In vivo, this acute functional silencing of SN DA neurons due to K-ATP channel activation would dramatically reduced the release of the neurotransmitter dopamine in the striatum.
To analyze in vivo if selective activation of K-ATP channels is linked to differential vulnerability of DA neurons we analyzed the effect of genetic disruption of the Kir6.2 gene in two chronic and mechanistically distinct mouse models of PD, the MPTP mouse and the mutant weaver mouse. Genetic background controls displayed the typical pattern of selective degeneration of DA neurons. However we observed a selective rescue of the highly vulnerable SN DA neurons in the K-ATP channel knockout mice in both disease models (Liss et al, in press).

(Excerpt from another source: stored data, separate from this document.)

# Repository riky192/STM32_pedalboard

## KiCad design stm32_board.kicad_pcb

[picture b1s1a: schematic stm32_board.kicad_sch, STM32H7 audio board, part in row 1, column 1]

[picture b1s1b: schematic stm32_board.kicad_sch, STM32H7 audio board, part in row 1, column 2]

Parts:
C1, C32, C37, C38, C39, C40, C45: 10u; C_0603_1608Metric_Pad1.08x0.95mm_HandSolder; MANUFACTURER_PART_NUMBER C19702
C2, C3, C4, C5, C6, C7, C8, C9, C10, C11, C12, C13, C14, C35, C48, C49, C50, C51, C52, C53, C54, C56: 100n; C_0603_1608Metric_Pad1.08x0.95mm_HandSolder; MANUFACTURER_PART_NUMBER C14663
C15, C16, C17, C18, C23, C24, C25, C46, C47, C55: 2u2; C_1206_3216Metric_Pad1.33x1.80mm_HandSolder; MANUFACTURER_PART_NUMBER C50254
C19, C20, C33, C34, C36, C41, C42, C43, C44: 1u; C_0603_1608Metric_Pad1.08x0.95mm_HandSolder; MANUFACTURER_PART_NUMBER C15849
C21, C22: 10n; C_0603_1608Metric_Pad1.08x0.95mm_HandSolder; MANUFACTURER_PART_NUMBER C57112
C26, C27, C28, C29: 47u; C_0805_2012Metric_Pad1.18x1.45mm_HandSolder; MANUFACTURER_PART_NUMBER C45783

These data strongly suggest that the presence and selective activation of K-ATP channels is a death-promoting mechanism, which is necessary for executing the degeneration of dopaminergic neurons. It also provides the first molecular mechanism that might explain the differences in vulnerability to cell-death that occur between different DA populations in PD and its animal models.
Outlook
We currently study upstream control mechanism, that might explain why K-ATP channels are only activated in highly vulnerable SN DA neurons but not in the neighboring VTA DA neurons, that possess also functional K-ATP channels of the same molecular make-up.
In cooperation with our clinical partners, we study the possibility that K-ATP channels act as disease-modifying genes that might influence the age-of-onset or rate-of-progression of Parkinson's disease. To address this, we are currently analyzing genomic DNA of a cohort of early onset PD-Patients and their unaffected siblings for non-synonymous single nucleotide polymorphisms in K-ATP channel genes that would alter the open-probability of the channels. If we find an association between the presence of a specific polymorphism and the manifestation of PD, we plan to further examine these genotyped patients and matched controls. In particular, we plan to perform oral glucose tolerance tests, as the open probability of beta-cell K-ATP channels with the same molecular make-up of those channels in DA neurons is crucial for triggering pancreatic insulin secretion in response to high blood glucose levels.
Lit.: 1. Damier P et al. The substantia nigra of the human brain. II. Patterns of loss of dopamine-containing neurons in Parkinson's disease. Brain. 1999; 122, 1437-48. 2. Greenamyre JT and Hastings TG. Parkinson's-divergent causes, convergent mechanisms. Science. 2004; 304, 1120-2. 3. Liss B et al. Alternative sulphonylurea receptor expression defines metabolic sensitivity of K-ATP channels in dopaminergic midbrain neurons. The EMBO Journal. 1999; 18: 833-846. 4. Liss B and Roeper J. Correlating function and gene expression of individual basal ganglia neurons. Trends in Neurosciences. 2004; 27(8): 475-48. 5. Liss B et al. K-ATP channels promote the differential degeneration of dopaminergic neurons. Nature Neuronscience, in press.